KustantajaEDP Sciences

Julkaisuvuosi2025

JournalAstronomy and Astrophysics

Tietokannassa oleva lehden nimiAstronomy & Astrophysics

Artikkelin numeroA284

Vuosikerta695

ISSN0004-6361

eISSN1432-0746

DOIhttps://doi.org/10.1051/0004-6361/202453111

Verkko-osoitehttps://doi.org/10.1051/0004-6361/202453111

Rinnakkaistallenteen osoitehttps://research.utu.fi/converis/portal/detail/Publication/491952456


Tiivistelmä
The Euclid mission is generating a vast amount of imaging data in four broadband filters at a high angular resolution. This data will allow for the detailed study of mass, metallicity, and stellar populations across galaxies that will constrain their formation and evolutionary pathways.

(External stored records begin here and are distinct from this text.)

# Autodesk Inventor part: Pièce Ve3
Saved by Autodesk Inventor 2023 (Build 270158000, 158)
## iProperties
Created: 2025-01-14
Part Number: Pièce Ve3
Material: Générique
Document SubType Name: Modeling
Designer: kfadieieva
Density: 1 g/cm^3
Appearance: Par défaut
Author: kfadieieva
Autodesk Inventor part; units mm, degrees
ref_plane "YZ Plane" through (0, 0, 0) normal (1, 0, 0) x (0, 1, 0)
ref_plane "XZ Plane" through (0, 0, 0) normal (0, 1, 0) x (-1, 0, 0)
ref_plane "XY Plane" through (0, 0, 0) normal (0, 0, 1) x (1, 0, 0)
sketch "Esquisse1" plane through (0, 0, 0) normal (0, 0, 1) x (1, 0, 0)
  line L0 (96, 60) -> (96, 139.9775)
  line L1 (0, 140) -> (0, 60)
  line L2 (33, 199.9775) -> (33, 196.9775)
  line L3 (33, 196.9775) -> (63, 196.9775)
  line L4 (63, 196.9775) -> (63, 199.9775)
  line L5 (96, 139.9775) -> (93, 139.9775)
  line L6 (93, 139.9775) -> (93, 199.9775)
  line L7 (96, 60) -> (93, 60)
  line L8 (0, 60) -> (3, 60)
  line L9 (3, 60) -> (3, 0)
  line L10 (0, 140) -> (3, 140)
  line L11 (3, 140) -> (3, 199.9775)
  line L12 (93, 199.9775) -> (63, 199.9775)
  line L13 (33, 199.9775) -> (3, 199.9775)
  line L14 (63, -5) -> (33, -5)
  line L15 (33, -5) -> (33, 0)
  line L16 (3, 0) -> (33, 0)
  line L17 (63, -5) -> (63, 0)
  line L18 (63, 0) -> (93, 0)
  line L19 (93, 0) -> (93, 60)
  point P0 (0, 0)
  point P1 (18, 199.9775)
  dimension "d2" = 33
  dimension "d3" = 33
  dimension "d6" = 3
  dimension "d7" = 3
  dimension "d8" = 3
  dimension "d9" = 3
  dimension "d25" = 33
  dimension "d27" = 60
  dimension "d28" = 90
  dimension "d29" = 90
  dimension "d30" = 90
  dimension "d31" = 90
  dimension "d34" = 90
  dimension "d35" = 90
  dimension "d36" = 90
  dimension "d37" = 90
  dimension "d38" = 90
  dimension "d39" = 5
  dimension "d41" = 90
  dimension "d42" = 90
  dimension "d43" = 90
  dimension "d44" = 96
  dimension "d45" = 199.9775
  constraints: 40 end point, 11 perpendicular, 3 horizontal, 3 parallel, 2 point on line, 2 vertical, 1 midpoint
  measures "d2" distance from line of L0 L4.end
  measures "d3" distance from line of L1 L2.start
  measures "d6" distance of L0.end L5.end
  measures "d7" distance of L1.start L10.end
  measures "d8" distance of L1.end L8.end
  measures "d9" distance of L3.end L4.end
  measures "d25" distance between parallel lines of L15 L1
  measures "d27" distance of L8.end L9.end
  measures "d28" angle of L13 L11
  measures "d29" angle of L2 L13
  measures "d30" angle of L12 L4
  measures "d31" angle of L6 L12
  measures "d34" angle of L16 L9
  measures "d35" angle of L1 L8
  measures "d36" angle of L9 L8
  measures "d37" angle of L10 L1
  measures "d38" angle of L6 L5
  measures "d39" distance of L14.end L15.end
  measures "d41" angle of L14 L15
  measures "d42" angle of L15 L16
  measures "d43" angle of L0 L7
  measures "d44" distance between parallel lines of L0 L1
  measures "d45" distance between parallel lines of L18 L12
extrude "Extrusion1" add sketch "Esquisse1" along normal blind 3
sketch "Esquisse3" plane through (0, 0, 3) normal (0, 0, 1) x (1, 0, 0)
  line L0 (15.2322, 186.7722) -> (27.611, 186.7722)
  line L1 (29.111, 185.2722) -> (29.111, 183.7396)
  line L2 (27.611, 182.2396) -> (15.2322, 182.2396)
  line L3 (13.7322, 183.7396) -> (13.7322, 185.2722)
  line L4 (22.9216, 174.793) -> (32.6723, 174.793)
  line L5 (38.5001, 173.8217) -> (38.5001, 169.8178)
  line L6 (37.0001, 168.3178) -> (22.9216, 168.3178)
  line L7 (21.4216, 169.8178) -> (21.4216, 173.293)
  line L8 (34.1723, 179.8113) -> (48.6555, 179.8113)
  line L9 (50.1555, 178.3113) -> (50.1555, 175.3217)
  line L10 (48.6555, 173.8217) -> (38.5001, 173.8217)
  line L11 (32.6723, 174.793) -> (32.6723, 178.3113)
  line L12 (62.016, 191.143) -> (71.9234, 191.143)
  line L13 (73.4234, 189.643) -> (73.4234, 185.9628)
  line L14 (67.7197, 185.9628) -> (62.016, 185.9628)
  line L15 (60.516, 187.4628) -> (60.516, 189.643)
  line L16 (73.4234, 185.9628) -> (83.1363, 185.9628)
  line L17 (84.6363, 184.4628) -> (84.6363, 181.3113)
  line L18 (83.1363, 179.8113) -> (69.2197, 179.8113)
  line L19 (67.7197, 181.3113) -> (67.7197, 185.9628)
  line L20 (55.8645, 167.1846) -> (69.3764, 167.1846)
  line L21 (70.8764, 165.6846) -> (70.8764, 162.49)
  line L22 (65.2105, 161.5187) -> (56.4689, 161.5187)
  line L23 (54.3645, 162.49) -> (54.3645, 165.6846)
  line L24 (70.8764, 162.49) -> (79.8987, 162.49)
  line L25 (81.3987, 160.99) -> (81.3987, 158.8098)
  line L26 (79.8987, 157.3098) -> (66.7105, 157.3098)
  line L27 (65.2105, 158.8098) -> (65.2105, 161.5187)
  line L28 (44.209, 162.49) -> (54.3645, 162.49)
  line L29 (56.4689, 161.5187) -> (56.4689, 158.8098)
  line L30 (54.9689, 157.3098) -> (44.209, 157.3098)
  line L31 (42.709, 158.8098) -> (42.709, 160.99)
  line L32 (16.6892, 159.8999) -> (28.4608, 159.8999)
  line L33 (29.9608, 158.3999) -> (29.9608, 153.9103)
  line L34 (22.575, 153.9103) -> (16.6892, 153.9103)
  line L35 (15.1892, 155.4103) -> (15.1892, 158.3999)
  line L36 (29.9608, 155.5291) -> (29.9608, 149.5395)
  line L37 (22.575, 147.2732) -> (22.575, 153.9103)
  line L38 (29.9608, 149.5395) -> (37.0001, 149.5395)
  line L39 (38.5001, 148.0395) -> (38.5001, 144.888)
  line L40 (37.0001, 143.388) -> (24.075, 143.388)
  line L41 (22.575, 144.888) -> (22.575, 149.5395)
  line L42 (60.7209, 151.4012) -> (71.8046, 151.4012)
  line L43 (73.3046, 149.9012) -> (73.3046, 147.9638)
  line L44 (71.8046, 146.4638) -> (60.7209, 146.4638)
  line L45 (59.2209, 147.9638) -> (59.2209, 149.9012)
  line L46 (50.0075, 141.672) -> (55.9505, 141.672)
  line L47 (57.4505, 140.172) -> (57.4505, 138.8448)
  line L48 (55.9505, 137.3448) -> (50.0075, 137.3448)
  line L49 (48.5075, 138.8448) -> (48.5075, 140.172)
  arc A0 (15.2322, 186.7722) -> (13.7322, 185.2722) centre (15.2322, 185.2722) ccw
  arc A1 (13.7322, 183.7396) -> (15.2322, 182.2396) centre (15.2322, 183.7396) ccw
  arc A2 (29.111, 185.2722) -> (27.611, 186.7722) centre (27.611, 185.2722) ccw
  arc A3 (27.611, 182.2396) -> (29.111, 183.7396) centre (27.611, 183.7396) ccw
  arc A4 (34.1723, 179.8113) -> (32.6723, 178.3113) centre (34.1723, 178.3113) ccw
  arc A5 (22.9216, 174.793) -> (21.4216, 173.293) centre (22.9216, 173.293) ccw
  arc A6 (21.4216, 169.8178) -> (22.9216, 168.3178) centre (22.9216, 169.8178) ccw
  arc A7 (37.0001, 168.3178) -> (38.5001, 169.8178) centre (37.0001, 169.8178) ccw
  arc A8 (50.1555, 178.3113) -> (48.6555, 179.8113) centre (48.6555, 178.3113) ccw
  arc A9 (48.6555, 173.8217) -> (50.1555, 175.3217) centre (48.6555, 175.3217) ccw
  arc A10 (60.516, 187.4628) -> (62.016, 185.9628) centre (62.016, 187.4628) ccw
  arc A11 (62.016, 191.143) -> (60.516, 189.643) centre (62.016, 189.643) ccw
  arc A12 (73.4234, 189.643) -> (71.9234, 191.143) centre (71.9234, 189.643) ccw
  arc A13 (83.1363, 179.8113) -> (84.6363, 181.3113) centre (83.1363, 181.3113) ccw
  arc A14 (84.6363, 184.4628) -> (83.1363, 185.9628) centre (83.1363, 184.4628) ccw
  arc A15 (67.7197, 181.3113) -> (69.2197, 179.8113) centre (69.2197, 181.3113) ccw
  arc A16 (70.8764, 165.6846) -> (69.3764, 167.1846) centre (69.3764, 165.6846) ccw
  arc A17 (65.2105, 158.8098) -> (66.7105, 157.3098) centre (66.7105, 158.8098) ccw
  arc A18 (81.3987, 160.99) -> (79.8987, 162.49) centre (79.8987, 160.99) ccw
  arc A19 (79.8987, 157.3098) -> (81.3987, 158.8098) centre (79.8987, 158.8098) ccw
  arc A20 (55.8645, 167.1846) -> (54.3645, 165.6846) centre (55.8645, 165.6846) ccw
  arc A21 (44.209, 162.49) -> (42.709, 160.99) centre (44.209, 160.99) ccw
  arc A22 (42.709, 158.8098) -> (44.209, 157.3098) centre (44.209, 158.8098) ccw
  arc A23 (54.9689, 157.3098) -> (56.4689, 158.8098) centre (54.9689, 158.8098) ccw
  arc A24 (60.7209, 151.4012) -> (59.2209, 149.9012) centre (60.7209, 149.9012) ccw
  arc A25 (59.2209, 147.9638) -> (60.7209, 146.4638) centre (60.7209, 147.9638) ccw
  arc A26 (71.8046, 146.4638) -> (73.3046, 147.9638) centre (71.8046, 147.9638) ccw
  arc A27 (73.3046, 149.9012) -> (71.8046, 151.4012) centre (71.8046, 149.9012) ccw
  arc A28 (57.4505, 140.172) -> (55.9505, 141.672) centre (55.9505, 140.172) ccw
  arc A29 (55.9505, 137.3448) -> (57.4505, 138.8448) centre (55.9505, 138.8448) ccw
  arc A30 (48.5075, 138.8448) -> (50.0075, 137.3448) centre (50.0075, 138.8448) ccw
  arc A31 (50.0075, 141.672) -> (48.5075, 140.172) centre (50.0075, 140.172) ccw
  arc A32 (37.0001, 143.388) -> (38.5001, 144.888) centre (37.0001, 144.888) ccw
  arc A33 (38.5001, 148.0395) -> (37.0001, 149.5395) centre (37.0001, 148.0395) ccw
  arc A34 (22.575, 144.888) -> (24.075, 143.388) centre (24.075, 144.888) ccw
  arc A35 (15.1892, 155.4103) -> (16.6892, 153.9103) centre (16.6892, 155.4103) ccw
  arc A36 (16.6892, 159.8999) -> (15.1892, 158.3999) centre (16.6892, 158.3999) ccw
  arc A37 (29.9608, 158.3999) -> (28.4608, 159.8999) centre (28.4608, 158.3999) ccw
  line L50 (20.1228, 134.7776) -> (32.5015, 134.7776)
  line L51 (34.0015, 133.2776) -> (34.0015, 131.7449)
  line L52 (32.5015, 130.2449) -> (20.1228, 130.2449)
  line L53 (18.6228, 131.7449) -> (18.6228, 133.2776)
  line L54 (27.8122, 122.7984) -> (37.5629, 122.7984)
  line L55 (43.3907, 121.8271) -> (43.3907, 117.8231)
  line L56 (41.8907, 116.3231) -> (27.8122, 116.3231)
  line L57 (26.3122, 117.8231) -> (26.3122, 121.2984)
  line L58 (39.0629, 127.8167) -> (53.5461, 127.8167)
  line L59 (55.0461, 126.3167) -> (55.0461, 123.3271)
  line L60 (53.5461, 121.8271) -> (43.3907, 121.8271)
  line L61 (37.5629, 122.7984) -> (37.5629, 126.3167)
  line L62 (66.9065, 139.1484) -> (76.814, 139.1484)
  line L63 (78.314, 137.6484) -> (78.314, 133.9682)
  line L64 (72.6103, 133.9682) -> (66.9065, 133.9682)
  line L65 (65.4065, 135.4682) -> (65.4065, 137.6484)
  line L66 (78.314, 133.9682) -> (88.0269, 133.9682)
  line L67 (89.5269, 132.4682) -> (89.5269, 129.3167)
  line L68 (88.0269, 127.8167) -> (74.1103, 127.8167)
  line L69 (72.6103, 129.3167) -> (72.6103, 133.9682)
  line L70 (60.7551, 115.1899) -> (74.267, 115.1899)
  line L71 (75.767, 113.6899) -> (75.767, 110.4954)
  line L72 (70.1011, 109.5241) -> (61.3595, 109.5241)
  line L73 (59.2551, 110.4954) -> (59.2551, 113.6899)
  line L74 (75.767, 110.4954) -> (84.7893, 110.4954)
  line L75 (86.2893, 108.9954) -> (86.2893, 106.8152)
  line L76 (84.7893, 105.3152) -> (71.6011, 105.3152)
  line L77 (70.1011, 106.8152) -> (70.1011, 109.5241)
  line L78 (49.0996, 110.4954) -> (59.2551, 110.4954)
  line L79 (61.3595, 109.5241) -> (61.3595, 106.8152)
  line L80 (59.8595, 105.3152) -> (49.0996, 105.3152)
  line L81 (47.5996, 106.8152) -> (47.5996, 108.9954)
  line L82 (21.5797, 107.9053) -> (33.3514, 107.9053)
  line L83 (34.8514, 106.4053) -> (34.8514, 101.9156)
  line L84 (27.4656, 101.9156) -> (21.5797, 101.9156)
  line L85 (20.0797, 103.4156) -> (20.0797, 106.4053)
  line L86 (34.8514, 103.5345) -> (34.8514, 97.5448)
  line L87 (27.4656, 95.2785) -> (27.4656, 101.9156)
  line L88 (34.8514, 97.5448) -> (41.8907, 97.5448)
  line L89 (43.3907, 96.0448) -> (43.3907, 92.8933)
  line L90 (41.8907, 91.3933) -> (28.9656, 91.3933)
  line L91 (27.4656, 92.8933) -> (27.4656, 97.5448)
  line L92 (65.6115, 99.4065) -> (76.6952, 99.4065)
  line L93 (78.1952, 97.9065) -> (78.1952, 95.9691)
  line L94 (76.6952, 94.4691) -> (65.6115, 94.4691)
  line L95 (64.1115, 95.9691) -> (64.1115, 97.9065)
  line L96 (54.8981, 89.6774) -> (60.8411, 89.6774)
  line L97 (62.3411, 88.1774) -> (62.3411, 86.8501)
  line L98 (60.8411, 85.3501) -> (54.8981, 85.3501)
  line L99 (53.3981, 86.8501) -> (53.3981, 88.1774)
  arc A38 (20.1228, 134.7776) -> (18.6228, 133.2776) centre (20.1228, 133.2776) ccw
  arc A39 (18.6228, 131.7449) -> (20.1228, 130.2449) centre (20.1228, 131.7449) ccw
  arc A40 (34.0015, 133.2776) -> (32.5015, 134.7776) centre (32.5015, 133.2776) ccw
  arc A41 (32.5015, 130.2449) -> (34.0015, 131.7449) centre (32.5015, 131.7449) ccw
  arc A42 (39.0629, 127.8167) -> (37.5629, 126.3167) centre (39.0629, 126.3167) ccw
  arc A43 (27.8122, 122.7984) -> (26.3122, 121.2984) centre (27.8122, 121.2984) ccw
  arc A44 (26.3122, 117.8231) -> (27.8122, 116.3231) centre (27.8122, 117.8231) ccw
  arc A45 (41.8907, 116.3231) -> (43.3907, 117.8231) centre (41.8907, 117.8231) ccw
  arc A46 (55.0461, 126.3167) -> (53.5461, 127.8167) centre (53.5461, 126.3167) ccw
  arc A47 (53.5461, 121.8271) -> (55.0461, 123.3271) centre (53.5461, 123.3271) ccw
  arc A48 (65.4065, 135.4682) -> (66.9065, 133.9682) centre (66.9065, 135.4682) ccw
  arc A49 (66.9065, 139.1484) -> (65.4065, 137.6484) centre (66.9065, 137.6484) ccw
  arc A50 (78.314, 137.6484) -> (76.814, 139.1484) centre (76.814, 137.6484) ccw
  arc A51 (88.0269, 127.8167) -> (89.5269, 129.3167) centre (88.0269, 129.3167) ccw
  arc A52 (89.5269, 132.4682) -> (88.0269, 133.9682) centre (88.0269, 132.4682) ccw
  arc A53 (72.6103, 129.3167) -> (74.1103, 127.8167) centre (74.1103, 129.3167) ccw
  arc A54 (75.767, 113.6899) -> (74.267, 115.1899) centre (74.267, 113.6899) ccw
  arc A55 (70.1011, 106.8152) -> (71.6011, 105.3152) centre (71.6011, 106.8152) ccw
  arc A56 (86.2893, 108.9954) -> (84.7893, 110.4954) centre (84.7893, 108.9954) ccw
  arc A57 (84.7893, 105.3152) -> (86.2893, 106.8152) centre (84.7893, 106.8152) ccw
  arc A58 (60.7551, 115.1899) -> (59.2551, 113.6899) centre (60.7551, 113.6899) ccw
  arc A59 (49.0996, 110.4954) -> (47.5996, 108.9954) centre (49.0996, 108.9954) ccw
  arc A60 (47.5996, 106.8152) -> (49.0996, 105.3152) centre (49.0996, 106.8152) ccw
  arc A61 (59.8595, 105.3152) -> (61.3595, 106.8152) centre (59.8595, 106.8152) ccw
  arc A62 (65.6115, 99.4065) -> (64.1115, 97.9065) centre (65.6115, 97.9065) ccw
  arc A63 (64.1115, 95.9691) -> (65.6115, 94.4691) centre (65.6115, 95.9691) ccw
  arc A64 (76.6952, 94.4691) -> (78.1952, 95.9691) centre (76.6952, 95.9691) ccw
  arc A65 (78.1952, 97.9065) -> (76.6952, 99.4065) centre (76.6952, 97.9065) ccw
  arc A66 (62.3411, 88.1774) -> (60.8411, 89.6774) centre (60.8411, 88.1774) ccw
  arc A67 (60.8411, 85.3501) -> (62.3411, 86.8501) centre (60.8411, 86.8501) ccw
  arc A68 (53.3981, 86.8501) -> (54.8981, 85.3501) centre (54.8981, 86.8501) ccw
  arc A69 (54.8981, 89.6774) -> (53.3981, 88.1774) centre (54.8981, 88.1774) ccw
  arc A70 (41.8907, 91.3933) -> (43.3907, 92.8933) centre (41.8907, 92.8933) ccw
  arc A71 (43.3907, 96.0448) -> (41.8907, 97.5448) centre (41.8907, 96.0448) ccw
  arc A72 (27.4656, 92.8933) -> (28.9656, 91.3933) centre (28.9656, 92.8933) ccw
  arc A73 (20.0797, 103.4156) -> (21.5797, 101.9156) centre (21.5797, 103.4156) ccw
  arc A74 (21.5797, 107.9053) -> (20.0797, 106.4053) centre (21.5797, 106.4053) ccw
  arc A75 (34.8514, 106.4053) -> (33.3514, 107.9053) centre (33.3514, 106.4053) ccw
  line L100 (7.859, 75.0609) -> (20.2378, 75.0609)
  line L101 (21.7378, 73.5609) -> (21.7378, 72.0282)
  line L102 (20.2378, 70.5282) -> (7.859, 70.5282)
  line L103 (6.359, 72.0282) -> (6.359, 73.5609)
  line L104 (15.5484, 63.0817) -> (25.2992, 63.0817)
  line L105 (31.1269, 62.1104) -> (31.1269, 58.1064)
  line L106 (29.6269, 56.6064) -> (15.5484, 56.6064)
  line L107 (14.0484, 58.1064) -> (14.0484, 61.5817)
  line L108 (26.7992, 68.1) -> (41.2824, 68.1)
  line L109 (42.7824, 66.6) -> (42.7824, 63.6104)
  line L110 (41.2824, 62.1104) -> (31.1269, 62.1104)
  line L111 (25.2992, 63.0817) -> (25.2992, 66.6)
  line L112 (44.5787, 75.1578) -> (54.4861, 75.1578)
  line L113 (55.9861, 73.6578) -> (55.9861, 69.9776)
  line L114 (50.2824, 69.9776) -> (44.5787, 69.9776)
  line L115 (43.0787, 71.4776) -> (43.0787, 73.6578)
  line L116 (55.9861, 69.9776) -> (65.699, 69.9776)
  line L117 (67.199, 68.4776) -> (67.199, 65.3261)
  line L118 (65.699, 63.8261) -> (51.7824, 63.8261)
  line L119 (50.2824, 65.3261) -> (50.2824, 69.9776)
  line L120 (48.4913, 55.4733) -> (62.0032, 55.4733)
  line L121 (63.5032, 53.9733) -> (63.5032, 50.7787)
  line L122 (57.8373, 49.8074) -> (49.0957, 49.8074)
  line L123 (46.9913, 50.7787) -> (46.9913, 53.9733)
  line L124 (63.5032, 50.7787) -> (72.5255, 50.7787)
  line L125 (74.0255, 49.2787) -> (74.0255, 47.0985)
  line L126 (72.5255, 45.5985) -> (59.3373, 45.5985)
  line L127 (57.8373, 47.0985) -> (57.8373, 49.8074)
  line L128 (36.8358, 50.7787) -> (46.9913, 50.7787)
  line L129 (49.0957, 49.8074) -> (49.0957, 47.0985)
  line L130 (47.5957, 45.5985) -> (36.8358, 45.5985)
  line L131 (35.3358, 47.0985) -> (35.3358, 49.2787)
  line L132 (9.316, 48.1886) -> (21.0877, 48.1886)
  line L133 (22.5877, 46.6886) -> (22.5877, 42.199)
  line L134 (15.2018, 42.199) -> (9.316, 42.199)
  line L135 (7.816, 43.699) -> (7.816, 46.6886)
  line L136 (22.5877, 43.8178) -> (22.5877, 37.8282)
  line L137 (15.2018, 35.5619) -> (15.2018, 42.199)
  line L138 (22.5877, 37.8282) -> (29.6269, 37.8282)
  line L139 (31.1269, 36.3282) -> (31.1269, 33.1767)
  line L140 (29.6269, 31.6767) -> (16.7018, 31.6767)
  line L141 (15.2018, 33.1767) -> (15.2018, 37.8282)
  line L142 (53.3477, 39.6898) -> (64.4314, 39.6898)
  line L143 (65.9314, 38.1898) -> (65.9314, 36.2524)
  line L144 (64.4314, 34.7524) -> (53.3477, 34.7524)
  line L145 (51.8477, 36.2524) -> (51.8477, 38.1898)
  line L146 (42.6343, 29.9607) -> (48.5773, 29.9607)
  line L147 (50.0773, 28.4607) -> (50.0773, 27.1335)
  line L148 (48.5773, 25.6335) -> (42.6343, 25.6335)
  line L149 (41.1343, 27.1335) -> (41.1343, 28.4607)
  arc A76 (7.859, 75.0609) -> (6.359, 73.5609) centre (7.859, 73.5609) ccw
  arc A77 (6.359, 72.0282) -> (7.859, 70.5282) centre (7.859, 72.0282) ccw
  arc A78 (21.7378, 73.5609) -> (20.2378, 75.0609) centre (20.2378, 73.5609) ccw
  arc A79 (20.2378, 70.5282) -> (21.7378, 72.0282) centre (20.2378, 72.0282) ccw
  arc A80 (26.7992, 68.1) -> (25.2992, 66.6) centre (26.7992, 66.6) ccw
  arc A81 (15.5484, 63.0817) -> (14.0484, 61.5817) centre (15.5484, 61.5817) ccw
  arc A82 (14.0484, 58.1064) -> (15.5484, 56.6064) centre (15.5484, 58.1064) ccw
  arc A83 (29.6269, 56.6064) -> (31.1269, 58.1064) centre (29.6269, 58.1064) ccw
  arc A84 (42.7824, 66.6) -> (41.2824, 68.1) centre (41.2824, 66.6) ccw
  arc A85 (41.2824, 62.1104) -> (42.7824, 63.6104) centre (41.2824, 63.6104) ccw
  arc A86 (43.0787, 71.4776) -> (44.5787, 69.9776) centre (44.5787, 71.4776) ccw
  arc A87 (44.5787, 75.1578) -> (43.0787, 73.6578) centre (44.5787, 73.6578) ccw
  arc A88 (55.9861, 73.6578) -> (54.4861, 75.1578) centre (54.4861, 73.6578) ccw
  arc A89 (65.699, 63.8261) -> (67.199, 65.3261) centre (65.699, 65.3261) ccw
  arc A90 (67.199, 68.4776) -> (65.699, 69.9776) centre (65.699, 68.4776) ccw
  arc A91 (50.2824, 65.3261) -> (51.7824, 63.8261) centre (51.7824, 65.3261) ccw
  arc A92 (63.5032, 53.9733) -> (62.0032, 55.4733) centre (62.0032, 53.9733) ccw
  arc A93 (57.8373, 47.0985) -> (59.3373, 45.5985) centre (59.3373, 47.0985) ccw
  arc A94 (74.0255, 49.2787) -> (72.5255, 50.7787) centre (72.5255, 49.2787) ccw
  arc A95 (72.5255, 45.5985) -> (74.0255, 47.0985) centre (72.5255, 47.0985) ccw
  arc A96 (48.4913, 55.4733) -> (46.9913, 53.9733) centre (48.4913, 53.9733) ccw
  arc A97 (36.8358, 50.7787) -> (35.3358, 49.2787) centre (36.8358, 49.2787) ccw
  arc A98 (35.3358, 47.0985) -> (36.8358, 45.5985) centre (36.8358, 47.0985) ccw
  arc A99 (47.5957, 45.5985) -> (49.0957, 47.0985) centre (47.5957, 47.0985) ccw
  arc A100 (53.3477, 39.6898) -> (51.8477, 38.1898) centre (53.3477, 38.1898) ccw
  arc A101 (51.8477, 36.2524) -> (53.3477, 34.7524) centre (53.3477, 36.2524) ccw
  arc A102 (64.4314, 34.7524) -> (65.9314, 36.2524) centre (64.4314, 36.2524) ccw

Transforming the Euclid imaging for large samples of galaxies into maps of physical parameters in an efficient and reliable manner is an outstanding challenge. Here, we investigate the power and reliability of machine learning techniques to extract the distribution of physical parameters within well-resolved galaxies. We focus on estimating stellar mass surface density, mass-averaged stellar metallicity, and age. We generated noise-free synthetic high-resolution (100 pc × 100 pc) imaging data in the Euclid photometric bands for a set of 1154 galaxies from the TNG50 cosmological simulation. The images were generated with the SKIRT radiative transfer code, taking into account the complex 3D distribution of stellar populations and interstellar dust attenuation. We used a machine learning framework to map the idealised mock observational data to the physical parameters on a pixel-by-pixel basis. We find that stellar mass surface density can be accurately recovered with a ≤0.130 dex scatter. Conversely, stellar metallicity and age estimates are, as expected, less robust, but they still contain significant information that originates from underlying correlations at a sub-kiloparsec scales between stellar mass surface density and stellar population properties. As a corollary, we show that TNG50 follows a spatially resolved mass-metallicity relation that is consistent with observations. Due to its relatively low computational and time requirements, which has a time-frame of minutes without dedicated high performance computing infrastructure once it has been trained, our method allows for fast and robust estimates of the stellar mass surface density distributions of nearby galaxies from four-filter Euclid imaging data. Equivalent estimates of stellar population properties (stellar metallicity and age) are less robust but still hold value as first-order approximations across large samples.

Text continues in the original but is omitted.